[Opening Data for processing section]

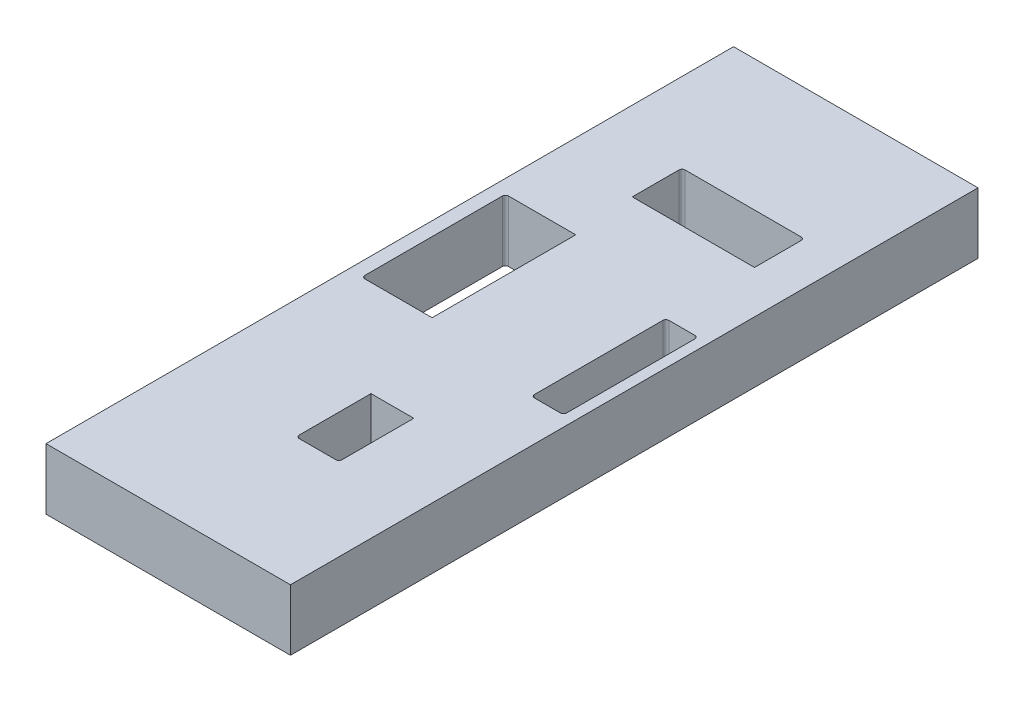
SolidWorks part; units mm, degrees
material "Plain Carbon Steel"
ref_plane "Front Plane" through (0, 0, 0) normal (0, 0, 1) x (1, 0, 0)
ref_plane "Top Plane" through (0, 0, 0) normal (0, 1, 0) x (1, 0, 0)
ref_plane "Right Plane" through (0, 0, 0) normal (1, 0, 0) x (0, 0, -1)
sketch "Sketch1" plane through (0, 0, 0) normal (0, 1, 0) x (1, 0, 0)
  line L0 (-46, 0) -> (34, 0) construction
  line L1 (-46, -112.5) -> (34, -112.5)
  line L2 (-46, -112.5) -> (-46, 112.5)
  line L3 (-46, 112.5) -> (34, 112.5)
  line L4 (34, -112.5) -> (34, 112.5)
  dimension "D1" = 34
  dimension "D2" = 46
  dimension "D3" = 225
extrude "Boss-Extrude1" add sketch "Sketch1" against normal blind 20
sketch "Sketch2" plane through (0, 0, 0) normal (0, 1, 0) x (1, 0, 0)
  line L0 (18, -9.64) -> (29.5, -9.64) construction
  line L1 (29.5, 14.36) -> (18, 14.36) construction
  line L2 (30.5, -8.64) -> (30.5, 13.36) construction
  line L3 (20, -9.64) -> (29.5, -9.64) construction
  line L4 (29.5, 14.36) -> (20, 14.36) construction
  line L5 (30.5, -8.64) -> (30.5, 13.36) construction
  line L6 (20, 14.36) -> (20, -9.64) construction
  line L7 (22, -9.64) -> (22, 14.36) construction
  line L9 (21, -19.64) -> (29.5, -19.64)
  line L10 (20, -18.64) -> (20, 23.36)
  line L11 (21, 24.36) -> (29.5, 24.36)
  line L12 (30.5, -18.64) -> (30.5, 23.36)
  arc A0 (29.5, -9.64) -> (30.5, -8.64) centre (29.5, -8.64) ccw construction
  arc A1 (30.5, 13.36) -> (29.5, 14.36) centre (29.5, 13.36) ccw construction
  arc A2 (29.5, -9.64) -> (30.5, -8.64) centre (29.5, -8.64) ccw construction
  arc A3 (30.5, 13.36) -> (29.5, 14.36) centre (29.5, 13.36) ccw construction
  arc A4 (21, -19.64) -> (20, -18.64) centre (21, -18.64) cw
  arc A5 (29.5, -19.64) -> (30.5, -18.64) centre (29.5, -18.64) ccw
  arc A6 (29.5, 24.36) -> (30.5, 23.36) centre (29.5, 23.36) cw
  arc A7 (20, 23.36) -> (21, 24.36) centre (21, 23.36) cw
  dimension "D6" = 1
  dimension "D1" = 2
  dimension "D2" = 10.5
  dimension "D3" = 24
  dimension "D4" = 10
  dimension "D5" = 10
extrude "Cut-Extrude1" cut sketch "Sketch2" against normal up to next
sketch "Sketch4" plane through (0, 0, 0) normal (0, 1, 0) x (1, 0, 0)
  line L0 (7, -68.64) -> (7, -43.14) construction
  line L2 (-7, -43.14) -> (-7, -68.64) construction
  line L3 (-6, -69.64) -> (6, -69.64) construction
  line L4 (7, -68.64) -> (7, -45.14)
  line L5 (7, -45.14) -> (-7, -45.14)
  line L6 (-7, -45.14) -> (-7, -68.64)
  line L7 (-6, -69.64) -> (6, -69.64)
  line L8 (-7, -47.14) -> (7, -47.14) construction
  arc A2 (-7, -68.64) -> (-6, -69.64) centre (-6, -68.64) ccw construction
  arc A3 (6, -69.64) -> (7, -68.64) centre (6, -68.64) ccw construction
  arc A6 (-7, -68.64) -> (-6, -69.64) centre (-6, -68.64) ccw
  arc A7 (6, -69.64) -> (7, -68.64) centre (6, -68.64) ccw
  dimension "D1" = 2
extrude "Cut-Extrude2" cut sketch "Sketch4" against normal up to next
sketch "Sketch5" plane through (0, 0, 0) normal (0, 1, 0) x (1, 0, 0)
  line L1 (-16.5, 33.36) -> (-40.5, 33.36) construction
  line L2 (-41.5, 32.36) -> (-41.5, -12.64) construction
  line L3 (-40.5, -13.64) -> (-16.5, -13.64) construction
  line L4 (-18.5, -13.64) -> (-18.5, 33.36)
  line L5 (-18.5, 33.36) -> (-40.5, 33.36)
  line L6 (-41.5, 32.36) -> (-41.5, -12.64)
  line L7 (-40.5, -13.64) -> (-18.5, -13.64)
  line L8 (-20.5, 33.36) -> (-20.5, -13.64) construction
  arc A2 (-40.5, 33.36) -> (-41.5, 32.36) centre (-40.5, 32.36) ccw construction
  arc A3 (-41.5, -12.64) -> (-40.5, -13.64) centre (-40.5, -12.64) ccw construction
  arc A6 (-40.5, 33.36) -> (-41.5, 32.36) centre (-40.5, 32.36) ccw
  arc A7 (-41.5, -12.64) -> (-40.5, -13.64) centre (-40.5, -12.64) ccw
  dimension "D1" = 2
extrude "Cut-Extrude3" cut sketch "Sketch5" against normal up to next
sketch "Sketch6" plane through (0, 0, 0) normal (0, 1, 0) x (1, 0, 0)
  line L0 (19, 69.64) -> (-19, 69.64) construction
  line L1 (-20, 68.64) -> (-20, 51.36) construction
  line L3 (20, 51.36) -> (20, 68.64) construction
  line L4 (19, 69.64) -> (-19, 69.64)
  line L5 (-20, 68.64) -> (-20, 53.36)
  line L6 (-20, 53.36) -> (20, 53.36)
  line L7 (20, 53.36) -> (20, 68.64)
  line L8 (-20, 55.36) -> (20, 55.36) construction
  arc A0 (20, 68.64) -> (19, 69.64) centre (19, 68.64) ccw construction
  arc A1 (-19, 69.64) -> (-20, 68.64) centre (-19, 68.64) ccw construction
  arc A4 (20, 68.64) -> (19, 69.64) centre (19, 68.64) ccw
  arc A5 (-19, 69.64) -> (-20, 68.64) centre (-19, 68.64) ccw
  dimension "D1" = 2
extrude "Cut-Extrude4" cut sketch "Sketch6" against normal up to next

[Closing Data for processing section]

:: Your task ::
Pictures aside, write out all of the records exactly.

:: Reply ::
SolidWorks part; units mm, degrees
material "Plain Carbon Steel"
ref_plane "Front Plane" through (0, 0, 0) normal (0, 0, 1) x (1, 0, 0)
ref_plane "Top Plane" through (0, 0, 0) normal (0, 1, 0) x (1, 0, 0)
ref_plane "Right Plane" through (0, 0, 0) normal (1, 0, 0) x (0, 0, -1)
sketch "Sketch1" plane through (0, 0, 0) normal (0, 1, 0) x (1, 0, 0)
  line L0 (-46, 0) -> (34, 0) construction
  line L1 (-46, -112.5) -> (34, -112.5)
  line L2 (-46, -112.5) -> (-46, 112.5)
  line L3 (-46, 112.5) -> (34, 112.5)
  line L4 (34, -112.5) -> (34, 112.5)
  dimension "D1" = 34
  dimension "D2" = 46
  dimension "D3" = 225
extrude "Boss-Extrude1" add sketch "Sketch1" against normal blind 20
sketch "Sketch2" plane through (0, 0, 0) normal (0, 1, 0) x (1, 0, 0)
  line L0 (18, -9.64) -> (29.5, -9.64) construction
  line L1 (29.5, 14.36) -> (18, 14.36) construction
  line L2 (30.5, -8.64) -> (30.5, 13.36) construction
  line L3 (20, -9.64) -> (29.5, -9.64) construction
  line L4 (29.5, 14.36) -> (20, 14.36) construction
  line L5 (30.5, -8.64) -> (30.5, 13.36) construction
  line L6 (20, 14.36) -> (20, -9.64) construction
  line L7 (22, -9.64) -> (22, 14.36) construction
  line L9 (21, -19.64) -> (29.5, -19.64)
  line L10 (20, -18.64) -> (20, 23.36)
  line L11 (21, 24.36) -> (29.5, 24.36)
  line L12 (30.5, -18.64) -> (30.5, 23.36)
  arc A0 (29.5, -9.64) -> (30.5, -8.64) centre (29.5, -8.64) ccw construction
  arc A1 (30.5, 13.36) -> (29.5, 14.36) centre (29.5, 13.36) ccw construction
  arc A2 (29.5, -9.64) -> (30.5, -8.64) centre (29.5, -8.64) ccw construction
  arc A3 (30.5, 13.36) -> (29.5, 14.36) centre (29.5, 13.36) ccw construction
  arc A4 (21, -19.64) -> (20, -18.64) centre (21, -18.64) cw
  arc A5 (29.5, -19.64) -> (30.5, -18.64) centre (29.5, -18.64) ccw
  arc A6 (29.5, 24.36) -> (30.5, 23.36) centre (29.5, 23.36) cw
  arc A7 (20, 23.36) -> (21, 24.36) centre (21, 23.36) cw
  dimension "D6" = 1
  dimension "D1" = 2
  dimension "D2" = 10.5
  dimension "D3" = 24
  dimension "D4" = 10
  dimension "D5" = 10
extrude "Cut-Extrude1" cut sketch "Sketch2" against normal up to next
sketch "Sketch4" plane through (0, 0, 0) normal (0, 1, 0) x (1, 0, 0)
  line L0 (7, -68.64) -> (7, -43.14) construction
  line L2 (-7, -43.14) -> (-7, -68.64) construction
  line L3 (-6, -69.64) -> (6, -69.64) construction
  line L4 (7, -68.64) -> (7, -45.14)
  line L5 (7, -45.14) -> (-7, -45.14)
  line L6 (-7, -45.14) -> (-7, -68.64)
  line L7 (-6, -69.64) -> (6, -69.64)
  line L8 (-7, -47.14) -> (7, -47.14) construction
  arc A2 (-7, -68.64) -> (-6, -69.64) centre (-6, -68.64) ccw construction
  arc A3 (6, -69.64) -> (7, -68.64) centre (6, -68.64) ccw construction
  arc A6 (-7, -68.64) -> (-6, -69.64) centre (-6, -68.64) ccw
  arc A7 (6, -69.64) -> (7, -68.64) centre (6, -68.64) ccw
  dimension "D1" = 2
extrude "Cut-Extrude2" cut sketch "Sketch4" against normal up to next
sketch "Sketch5" plane through (0, 0, 0) normal (0, 1, 0) x (1, 0, 0)
  line L1 (-16.5, 33.36) -> (-40.5, 33.36) construction
  line L2 (-41.5, 32.36) -> (-41.5, -12.64) construction
  line L3 (-40.5, -13.64) -> (-16.5, -13.64) construction
  line L4 (-18.5, -13.64) -> (-18.5, 33.36)
  line L5 (-18.5, 33.36) -> (-40.5, 33.36)
  line L6 (-41.5, 32.36) -> (-41.5, -12.64)
  line L7 (-40.5, -13.64) -> (-18.5, -13.64)
  line L8 (-20.5, 33.36) -> (-20.5, -13.64) construction
  arc A2 (-40.5, 33.36) -> (-41.5, 32.36) centre (-40.5, 32.36) ccw construction
  arc A3 (-41.5, -12.64) -> (-40.5, -13.64) centre (-40.5, -12.64) ccw construction
  arc A6 (-40.5, 33.36) -> (-41.5, 32.36) centre (-40.5, 32.36) ccw
  arc A7 (-41.5, -12.64) -> (-40.5, -13.64) centre (-40.5, -12.64) ccw
  dimension "D1" = 2
extrude "Cut-Extrude3" cut sketch "Sketch5" against normal up to next
sketch "Sketch6" plane through (0, 0, 0) normal (0, 1, 0) x (1, 0, 0)
  line L0 (19, 69.64) -> (-19, 69.64) construction
  line L1 (-20, 68.64) -> (-20, 51.36) construction
  line L3 (20, 51.36) -> (20, 68.64) construction
  line L4 (19, 69.64) -> (-19, 69.64)
  line L5 (-20, 68.64) -> (-20, 53.36)
  line L6 (-20, 53.36) -> (20, 53.36)
  line L7 (20, 53.36) -> (20, 68.64)
  line L8 (-20, 55.36) -> (20, 55.36) construction
  arc A0 (20, 68.64) -> (19, 69.64) centre (19, 68.64) ccw construction
  arc A1 (-19, 69.64) -> (-20, 68.64) centre (-19, 68.64) ccw construction
  arc A4 (20, 68.64) -> (19, 69.64) centre (19, 68.64) ccw
  arc A5 (-19, 69.64) -> (-20, 68.64) centre (-19, 68.64) ccw
  dimension "D1" = 2
extrude "Cut-Extrude4" cut sketch "Sketch6" against normal up to next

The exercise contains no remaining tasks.